Den Meldetext habe ich auf X1 gelegt, da er gemeckert hat wegen fehlendem Ausgang und ich TD nicht gefunden habe.


----------



## knabi (1 März 2010)

Uuups, Überschneidung .

Nachfrage: Welche LOGO!-Version? Es muß eine 12/24er DC-Variante sein - nur die kann direkte Analogwerteingabe.
Kannst Du denn mit einem Multimeter eine Spannung zwischen I8 und M messen?

Gruß

Holger


----------



## MECHA07 (1 März 2010)

Ich benutze einer 0BA6- LOGO 12/24RC.
Zwischen I7/I8 und M keine Spannung, zwischen PIN 7 (+) vom Sensor und PIN 3 (-) vom Sensor liegen 0,287 VDC an.


----------



## vierlagig (1 März 2010)

MECHA07 schrieb:


> Ich benutze einer 0BA6- LOGO 12/24RC.
> Zwischen I7/I8 und M keine Spannung, zwischen PIN 7 (+) vom Sensor und PIN 3 (-) vom Sensor liegen 0,287 VDC an.



und zwischen PIN3 und M?

leitung ist in ordnung? verbindungen alle überprüft?


----------



## knabi (1 März 2010)

OK, dann kann der Eingang natürlich auch keinen Wert einlesen. Du hast doch aber geschrieben, daß die Bezugsmasse gleich ist? Dann muß doch Pin 3 des Gebers mit Anschluß M der Logo! verbunden sein (und beide mit der Masse der Versorgungsspannung?

Gruß

Holger

Edit: Wieder Überschneidung....


----------



## Walter (1 März 2010)

*Analogwertverarbeitung mit LOGO!*

Ein Bild sagt mehr als Worte. Ich würde das mal so  wie angehängte PDF verschalten.


Gruß Walter


----------



## MECHA07 (2 März 2010)

sry, hab die ganze zeit gewartet und mich gefragt warum keiner antwortet.
hab heut morgen erst gesehn, dass die seite ja zu ende war *ROFL*
@ vierlagig: PIN3 und M habe ich nicht verbunden, ich habe gedacht, dass es reicht wenn ich beim DC/DC Wandler PIN 3 beim 5V Ausgang auf M lege.

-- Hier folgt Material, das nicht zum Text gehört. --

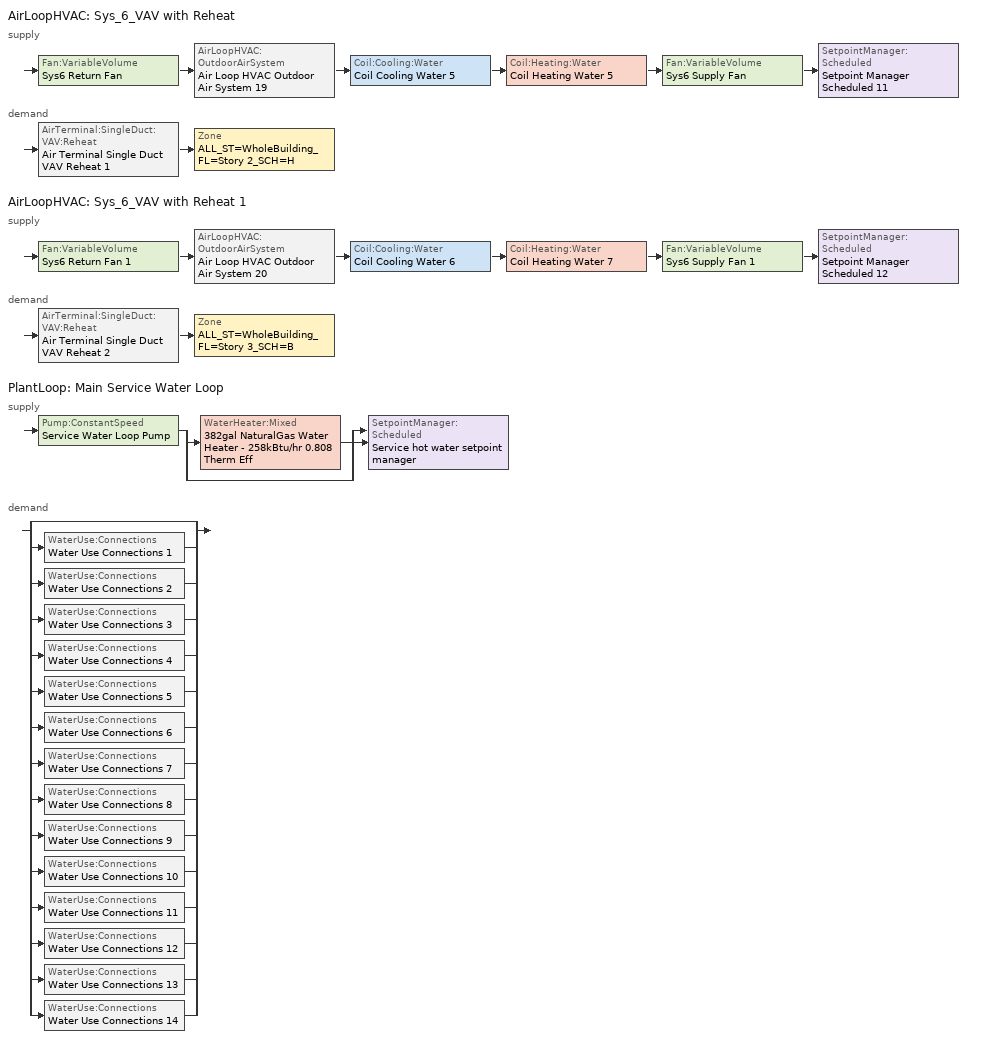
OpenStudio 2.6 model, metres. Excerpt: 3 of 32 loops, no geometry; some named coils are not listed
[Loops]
AirLoopHVAC 'Sys_6_VAV with Reheat'
 supply: Fan:VariableVolume 'Sys6 Return Fan' > AirLoopHVAC:OutdoorAirSystem 'Air Loop HVAC Outdoor Air System 19' > Coil:Cooling:Water 'Coil Cooling Water 5' > Coil:Heating:Water 'Coil Heating Water 5' > Fan:VariableVolume 'Sys6 Supply Fan' > SetpointManager:Scheduled 'Setpoint Manager Scheduled 11'
 demand: AirTerminal:SingleDuct:VAV:Reheat 'Air Terminal Single Duct VAV Reheat 1' > Zone 'ALL_ST=WholeBuilding_FL=Story 2_SCH=H'
AirLoopHVAC 'Sys_6_VAV with Reheat 1'
 supply: Fan:VariableVolume 'Sys6 Return Fan 1' > AirLoopHVAC:OutdoorAirSystem 'Air Loop HVAC Outdoor Air System 20' > Coil:Cooling:Water 'Coil Cooling Water 6' > Coil:Heating:Water 'Coil Heating Water 7' > Fan:VariableVolume 'Sys6 Supply Fan 1' > SetpointManager:Scheduled 'Setpoint Manager Scheduled 12'
 demand: AirTerminal:SingleDuct:VAV:Reheat 'Air Terminal Single Duct VAV Reheat 2' > Zone 'ALL_ST=WholeBuilding_FL=Story 3_SCH=B'
PlantLoop 'Main Service Water Loop'
 supply: Pump:ConstantSpeed 'Service Water Loop Pump' > split
  | WaterHeater:Mixed '382gal NaturalGas Water Heater - 258kBtu/hr 0.808 Therm Eff'
  | bypass
  join > SetpointManager:Scheduled 'Service hot water setpoint manager'
 demand: split
  | bypass
  | WaterUse:Connections 'Water Use Connections 1'
  | WaterUse:Connections 'Water Use Connections 2'
  | WaterUse:Connections 'Water Use Connections 3'
  | WaterUse:Connections 'Water Use Connections 4'
  | WaterUse:Connections 'Water Use Connections 5'
  | WaterUse:Connections 'Water Use Connections 6'
  | WaterUse:Connections 'Water Use Connections 7'
  | WaterUse:Connections 'Water Use Connections 8'
  | WaterUse:Connections 'Water Use Connections 9'
  | WaterUse:Connections 'Water Use Connections 10'
  | WaterUse:Connections 'Water Use Connections 11'
  | WaterUse:Connections 'Water Use Connections 12'
  | WaterUse:Connections 'Water Use Connections 13'
  | WaterUse:Connections 'Water Use Connections 14'
[Sizing:Zone] Zone Cooling Design Supply Air Temperature Input Method=SupplyAirTemperature; Zone Cooling Design Supply Air Temperature {C}=13; Zone Cooling Design Supply Air Temperature Difference {deltaC}=11.11; Zone Heating Design Supply Air Temperature Input Method=SupplyAirTemperature; Zone Heating Design Supply Air Temperature {C}=43; Zone Heating Design Supply Air Temperature Difference {deltaC}=11.11; Zone Cooling Design Supply Air Humidity Ratio {kg-H2O/kg-air}=0.0085; Zone Heating Design Supply Air Humidity Ratio {kg-H2O/kg-air}=0.008; Zone Heating Sizing Factor=1.3; Zone Cooling Sizing Factor=1.1; Cooling Design Air Flow Method=DesignDay; Heating Design Air Flow Method=DesignDay; Account for Dedicated Outdoor Air System=No; Dedicated Outdoor Air System Control Strategy=NeutralSupplyAir; Dedicated Outdoor Air Low Setpoint Temperature for Design {C}=autosize; Dedicated Outdoor Air High Setpoint Temperature for Design {C}=autosize
ALL_ST=WholeBuilding_FL=Story 3_SCH=B; ALL_ST=WholeBuilding_FL=Story 2_SCH=H
[Zone equipment]
ALL_ST=WholeBuilding_FL=Story 3_SCH=B: Air Terminal Single Duct VAV Reheat 2, Zone HVAC Baseboard Convective Water 16
ALL_ST=WholeBuilding_FL=Story 2_SCH=H: Air Terminal Single Duct VAV Reheat 1, Zone HVAC Baseboard Convective Water 15
[PlantLoop]
Main Service Water Loop: Glycol Concentration=0; Maximum Loop Temperature {C}=60; Minimum Loop Temperature {C}=10; Plant Loop Volume {m3}=Autocalculate; Load Distribution Scheme=Optimal
[Sizing:Plant]
Main Service Water Loop: Loop Type=Heating; Design Loop Exit Temperature {C}=60; Loop Design Temperature Difference {deltaC}=5; Sizing Option=NonCoincident; Zone Timesteps in Averaging Window=1; Coincident Sizing Factor Mode=None
[AirLoopHVAC] Design Supply Air Flow Rate {m3/s}=AutoSize
Name | Availability Schedule
Sys_6_VAV with Reheat | Sys_6_VAV with Reheat Occ Sch
Sys_6_VAV with Reheat 1 | Sys_6_VAV with Reheat 1 Occ Sch
[Sizing:System] Type of Load to Size On=Sensible; Design Outdoor Air Flow Rate {m3/s}=Autosize; Minimum System Air Flow Ratio=0.3; Preheat Design Temperature {C}=7; Preheat Design Humidity Ratio {kg-H2O/kg-Air}=0.008; Precool Design Temperature {C}=12.8; Precool Design Humidity Ratio {kg-H2O/kg-Air}=0.008; Central Cooling Design Supply Air Temperature {C}=13; Central Heating Design Supply Air Temperature {C}=13.1; Sizing Option=NonCoincident; 100% Outdoor Air in Cooling=No; 100% Outdoor Air in Heating=No; Central Cooling Design Supply Air Humidity Ratio {kg-H2O/kg-Air}=0.0085; Central Heating Design Supply Air Humidity Ratio {kg-H2O/kg-Air}=0.008; Cooling Design Air Flow Method=DesignDay; Cooling Design Air Flow Rate {m3/s}=0; Heating Design Air Flow Method=DesignDay; Heating Design Air Flow Rate {m3/s}=0; System Outdoor Air Method=ZoneSum; Zone Maximum Outdoor Air Fraction=1; Cooling Supply Air Flow Rate Per Floor Area {m3/s-m2}=0.00996765; Cooling Fraction of Autosized Cooling Supply Air Flow Rate=1; Cooling Supply Air Flow Rate Per Unit Cooling Capacity {m3/s-W}=3.94755e-05; Heating Supply Air Flow Rate Per Floor Area {m3/s-m2}=0.00996765; Heating Fraction of Autosized Heating Supply Air Flow Rate=1; Heating Fraction of Autosized Cooling Supply Air Flow Rate=1; Heating Supply Air Flow Rate Per Unit Heating Capacity {m3/s-W}=3.15882e-05; Cooling Design Capacity Method=CoolingDesignCapacity; Cooling Design Capacity {W}=autosize; Cooling Design Capacity Per Floor Area {W/m2}=234.7; Fraction of Autosized Cooling Design Capacity=1; Heating Design Capacity Method=HeatingDesignCapacity; Heating Design Capacity {W}=autosize; Heating Design Capacity Per Floor Area {W/m2}=157; Fraction of Autosized Heating Design Capacity=1; Central Cooling Capacity Control Method=OnOff
Sys_6_VAV with Reheat; Sys_6_VAV with Reheat 1
[Controller:OutdoorAir] Minimum Outdoor Air Flow Rate {m3/s}=autosize; Maximum Outdoor Air Flow Rate {m3/s}=Autosize; Economizer Control Type=DifferentialEnthalpy; Economizer Control Action Type=ModulateFlow; Lockout Type=NoLockout; Minimum Limit Type=FixedMinimum; High Humidity Control=No; Heat Recovery Bypass Control Type=BypassWhenWithinEconomizerLimits
Name | Minimum Outdoor Air Schedule | Controller Mechanical Ventilation
Controller Outdoor Air 19 | Sys_6_VAV with Reheat Occ Sch | Controller Mechanical Ventilation 19
Controller Outdoor Air 20 | Sys_6_VAV with Reheat 1 Occ Sch | Controller Mechanical Ventilation 20
[Controller:MechanicalVentilation] Availability Schedule=Always On Discrete; System Outdoor Air Method=ZoneSum
Controller Mechanical Ventilation 19; Controller Mechanical Ventilation 20
[AirLoopHVAC:OutdoorAirSystem]
Name | Controller
Air Loop HVAC Outdoor Air System 19 | Controller Outdoor Air 19
Air Loop HVAC Outdoor Air System 20 | Controller Outdoor Air 20
[Pump:ConstantSpeed]
Service Water Loop Pump: Rated Flow Rate {m3/s}=autosize; Rated Pump Head {Pa}=122027; Rated Power Consumption {W}=autosize; Motor Efficiency=0.7; Fraction of Motor Inefficiencies to Fluid Stream=0; Pump Control Type=Intermittent; Design Power Sizing Method=PowerPerFlowPerPressure; Design Electric Power per Unit Flow Rate {W/(m3/s)}=348701.1; Design Shaft Power per Unit Flow Rate per Unit Head {W-s/m3-Pa}=1.28205
[SetpointManager:Scheduled] Control Variable=Temperature
Name | Schedule
Setpoint Manager Scheduled 11 | Supply Air Temp
Setpoint Manager Scheduled 12 | Supply Air Temp 1
Service hot water setpoint manager | Service Water Loop Temp - 140F
[Fan:VariableVolume] Availability Schedule=Always On Discrete; Maximum Flow Rate {m3/s}=Autosize; Fan Power Minimum Flow Rate Input Method=Fraction; Fan Power Minimum Flow Fraction=0.68; Fan Power Minimum Air Flow Rate {m3/s}=0; Motor In Airstream Fraction=1; Fan Power Coefficient 1=-2.4176; Fan Power Coefficient 2=9.5874; Fan Power Coefficient 3=-11.559; Fan Power Coefficient 4=5.4009; Fan Power Coefficient 5=0
Name | Fan Efficiency | Pressure Rise {Pa} | Motor Efficiency
Sys6 Supply Fan; Sys6 Supply Fan 1 | 0.549965 | 1000 | 0.8461
Sys6 Return Fan; Sys6 Return Fan 1 | 0.299975 | 250 | 0.4615
[AirTerminal:SingleDuct:VAV:Reheat] Availability Schedule=Always On Discrete; Maximum Air Flow Rate {m3/s}=AutoSize; Zone Minimum Air Flow Input Method=Constant; Constant Minimum Air Flow Fraction=0.3; Fixed Minimum Air Flow Rate {m3/s}=3.75; Maximum Hot Water or Steam Flow Rate {m3/s}=AutoSize; Minimum Hot Water or Steam Flow Rate {m3/s}=0; Convergence Tolerance=0.001; Damper Heating Action=Normal; Maximum Flow per Zone Floor Area During Reheat {m3/s-m2}=AutoSize; Maximum Flow Fraction During Reheat=AutoSize; Maximum Reheat Air Temperature {C}=43; Control For Outdoor Air=No
Name | Reheat Coil
Air Terminal Single Duct VAV Reheat 1 | Coil Heating Water 6
Air Terminal Single Duct VAV Reheat 2 | Coil Heating Water 8
[WaterHeater:Mixed]
382gal NaturalGas Water Heater - 258kBtu/hr 0.808 Therm Eff: Tank Volume {m3}=1.44618; Setpoint Temperature Schedule=Service Water Loop Temp - 140F; Deadband Temperature Difference {deltaC}=2; Maximum Temperature Limit {C}=82.2222; Heater Control Type=Cycle; Heater Maximum Capacity {W}=75563.1; Heater Fuel Type=NaturalGas; Heater Thermal Efficiency=0.807671; Part Load Factor Curve=SWH-EFFFPLR-NECB2011; Off Cycle Parasitic Fuel Consumption Rate {W}=20; Off Cycle Parasitic Fuel Type=NaturalGas; Off Cycle Parasitic Heat Fraction to Tank=0.8; On Cycle Parasitic Fuel Type=NaturalGas; On Cycle Parasitic Heat Fraction to Tank=0; Ambient Temperature Indicator=Schedule; Ambient Temperature Schedule=Water Heater Ambient Temp Schedule - 70F; Off Cycle Loss Coefficient to Ambient Temperature {W/K}=14.9054; On Cycle Loss Coefficient to Ambient Temperature {W/K}=14.9054; Use Side Effectiveness=1; Source Side Effectiveness=1; Use Side Design Flow Rate {m3/s}=autosize; Source Side Design Flow Rate {m3/s}=autosize; Indirect Water Heating Recovery Time {hr}=1.5; Source Side Flow Control Mode=IndirectHeatPrimarySetpoint
[WaterUse:Connections]
Name | Water Use Equipment Name 1
Water Use Connections 1 | Warehouse - fine - refrigerated-space function Service Water Use 0.21gal/min
Water Use Connections 2 | Warehouse - fine-space function Service Water Use 0.21gal/min
Water Use Connections 3 | Warehouse - med/blk - refrigerated-space function Service Water Use 0.14gal/min
Water Use Connections 4 | Warehouse - med/blk-space function Service Water Use 0.1gal/min
Water Use Connections 5 | Warehouse - med/blk2 - refrigerated-space function Service Water Use 0.1gal/min
Water Use Connections 6 | Warehouse - med/blk2-space function Service Water Use 0.1gal/min
Water Use Connections 7 | Wholebuilding-automotive facility Service Water Use 0.96gal/min
Water Use Connections 8 | Wholebuilding-sports arena Service Water Use 1.44gal/min
Water Use Connections 9 | Wholebuilding-town hall Service Water Use 0.58gal/min
Water Use Connections 10 | Wholebuilding-transportation Service Water Use 0.69gal/min
Water Use Connections 11 | Wholebuilding-warehouse Service Water Use 0.03gal/min
Water Use Connections 12 | Wholebuilding-warehouse - refrigerated Service Water Use 0.03gal/min
Water Use Connections 13 | Wholebuilding-workshop Service Water Use 0.48gal/min
Water Use Connections 14 | Workshop space-space function Service Water Use 0.48gal/min
[WaterUse:Equipment:Definition]
Name | Peak Flow Rate {m3/s} | Target Temperature Schedule | Sensible Fraction Schedule | Latent Fraction Schedule
Warehouse - fine - refrigerated-space function Service Water Use Def 0.21gal/min | 1.31284e-05 | Schedule Ruleset 5 | Schedule Ruleset 3 | Schedule Ruleset 4
Warehouse - fine-space function Service Water Use Def 0.21gal/min | 1.31284e-05 | Schedule Ruleset 8 | Schedule Ruleset 6 | Schedule Ruleset 7
Warehouse - med/blk - refrigerated-space function Service Water Use Def 0.14gal/min | 8.75229e-06 | Schedule Ruleset 11 | Schedule Ruleset 9 | Schedule Ruleset 10
Warehouse - med/blk-space function Service Water Use Def 0.1gal/min | 6.56422e-06 | Schedule Ruleset 14 | Schedule Ruleset 12 | Schedule Ruleset 13
Warehouse - med/blk2 - refrigerated-space function Service Water Use Def 0.1gal/min | 6.56422e-06 | Schedule Ruleset 17 | Schedule Ruleset 15 | Schedule Ruleset 16
Warehouse - med/blk2-space function Service Water Use Def 0.1gal/min | 6.56422e-06 | Schedule Ruleset 20 | Schedule Ruleset 18 | Schedule Ruleset 19
Wholebuilding-automotive facility Service Water Use Def 0.96gal/min | 6.04679e-05 | Schedule Ruleset 23 | Schedule Ruleset 21 | Schedule Ruleset 22
Wholebuilding-sports arena Service Water Use Def 1.44gal/min | 9.07019e-05 | Schedule Ruleset 26 | Schedule Ruleset 24 | Schedule Ruleset 25
Wholebuilding-town hall Service Water Use Def 0.58gal/min | 3.62893e-05 | Schedule Ruleset 29 | Schedule Ruleset 27 | Schedule Ruleset 28
Wholebuilding-transportation Service Water Use Def 0.69gal/min | 4.36744e-05 | Schedule Ruleset 32 | Schedule Ruleset 30 | Schedule Ruleset 31
Wholebuilding-warehouse Service Water Use Def 0.03gal/min | 2.01607e-06 | Schedule Ruleset 35 | Schedule Ruleset 33 | Schedule Ruleset 34
Wholebuilding-warehouse - refrigerated Service Water Use Def 0.03gal/min | 2.01607e-06 | Schedule Ruleset 38 | Schedule Ruleset 36 | Schedule Ruleset 37
Wholebuilding-workshop Service Water Use Def 0.48gal/min | 3.0241e-05 | Schedule Ruleset 41 | Schedule Ruleset 39 | Schedule Ruleset 40
Workshop space-space function Service Water Use Def 0.48gal/min | 3.02585e-05 | Schedule Ruleset 44 | Schedule Ruleset 42 | Schedule Ruleset 43
[WaterUse:Equipment]
Name | Water Use Equipment Definition | Space | Flow Rate Fraction Schedule
Warehouse - fine - refrigerated-space function Service Water Use 0.21gal/min | Warehouse - fine - refrigerated-space function Service Water Use Def 0.21gal/min | Warehouse - fine - refrigerated-Space Function | NECB-A-Service Water Heating
Warehouse - fine-space function Service Water Use 0.21gal/min | Warehouse - fine-space function Service Water Use Def 0.21gal/min | Warehouse - fine-Space Function | NECB-A-Service Water Heating
Warehouse - med/blk - refrigerated-space function Service Water Use 0.14gal/min | Warehouse - med/blk - refrigerated-space function Service Water Use Def 0.14gal/min | Warehouse - med/blk - refrigerated-Space Function | NECB-A-Service Water Heating
Warehouse - med/blk-space function Service Water Use 0.1gal/min | Warehouse - med/blk-space function Service Water Use Def 0.1gal/min | Warehouse - med/blk-Space Function | NECB-A-Service Water Heating
Warehouse - med/blk2 - refrigerated-space function Service Water Use 0.1gal/min | Warehouse - med/blk2 - refrigerated-space function Service Water Use Def 0.1gal/min | Warehouse - med/blk2 - refrigerated-Space Function | NECB-A-Service Water Heating
Warehouse - med/blk2-space function Service Water Use 0.1gal/min | Warehouse - med/blk2-space function Service Water Use Def 0.1gal/min | Warehouse - med/blk2-Space Function | NECB-A-Service Water Heating
Wholebuilding-automotive facility Service Water Use 0.96gal/min | Wholebuilding-automotive facility Service Water Use Def 0.96gal/min | WholeBuilding-Automotive facility | NECB-E-Service Water Heating
Wholebuilding-sports arena Service Water Use 1.44gal/min | Wholebuilding-sports arena Service Water Use Def 1.44gal/min | WholeBuilding-Sports arena | NECB-B-Service Water Heating
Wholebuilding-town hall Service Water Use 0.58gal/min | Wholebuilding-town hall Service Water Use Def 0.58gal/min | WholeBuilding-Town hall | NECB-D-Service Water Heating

@ holger: wie bei vierlagig, danke für den tipp! jetzt funktioniert es!

@ Walter: Vielen Dank für das Schaltbild!

@ all: Funktioniert jetzt prima, vielen Dank!


----------



## knabi (2 März 2010)

MECHA07 schrieb:


> sry, hab die ganze zeit gewartet und mich gefragt warum keiner antwortet.
> hab heut morgen erst gesehn, dass die seite ja zu ende war




Dagegen hilft zum Beispiel, das Thema zu abonnieren .... Aber hauptsache, alles funktioniert jetzt!

Wie sieht`s denn mit der Genauigkeit aus, ist das Ergebnis brauchbar?

Gruß

Holger


----------



## vierlagig (2 März 2010)

knabi schrieb:


> Wie sieht`s denn mit der Genauigkeit aus, ist das Ergebnis brauchbar?



bei den 10bit?
und nur 1V?
also knapp 100 "stufen"?

ich sach mal: zum grob schätzen dürfte es reichen, aber MECHA07 wird seine erfahrungen sicher noch mitteilen


----------



## MECHA07 (2 März 2010)

zu den Ergebnissen: 

also er liefert eine "relativ" konstante Spannung wenn er ruhig gelagert ist.
sobald man ihn aber ein bisschen bewegt, steigt die spannung sprunghaft an, z.b. bei 25% rh vorher auf 50%rh nachher (zeigt zumindest das TD, wenn er dann wieder "ruhig" liegt erholt er sich aber schnell wieder).
Er springt von der Luftfeuchte her aber immer so im Bereich von 2-4%rh.
Für die Anwendung reichts, aber wenn man etwas genaueres braucht, dann sollte man schon zu etwas qualitativ hochwertigerem greifen denke ich.


----------



## MECHA07 (2 März 2010)

So, jetzt hab ich aber doch noch ne frage^^

wie kann ich es einstellen, dass die LOGO mir Nachkommastellen anzeigt.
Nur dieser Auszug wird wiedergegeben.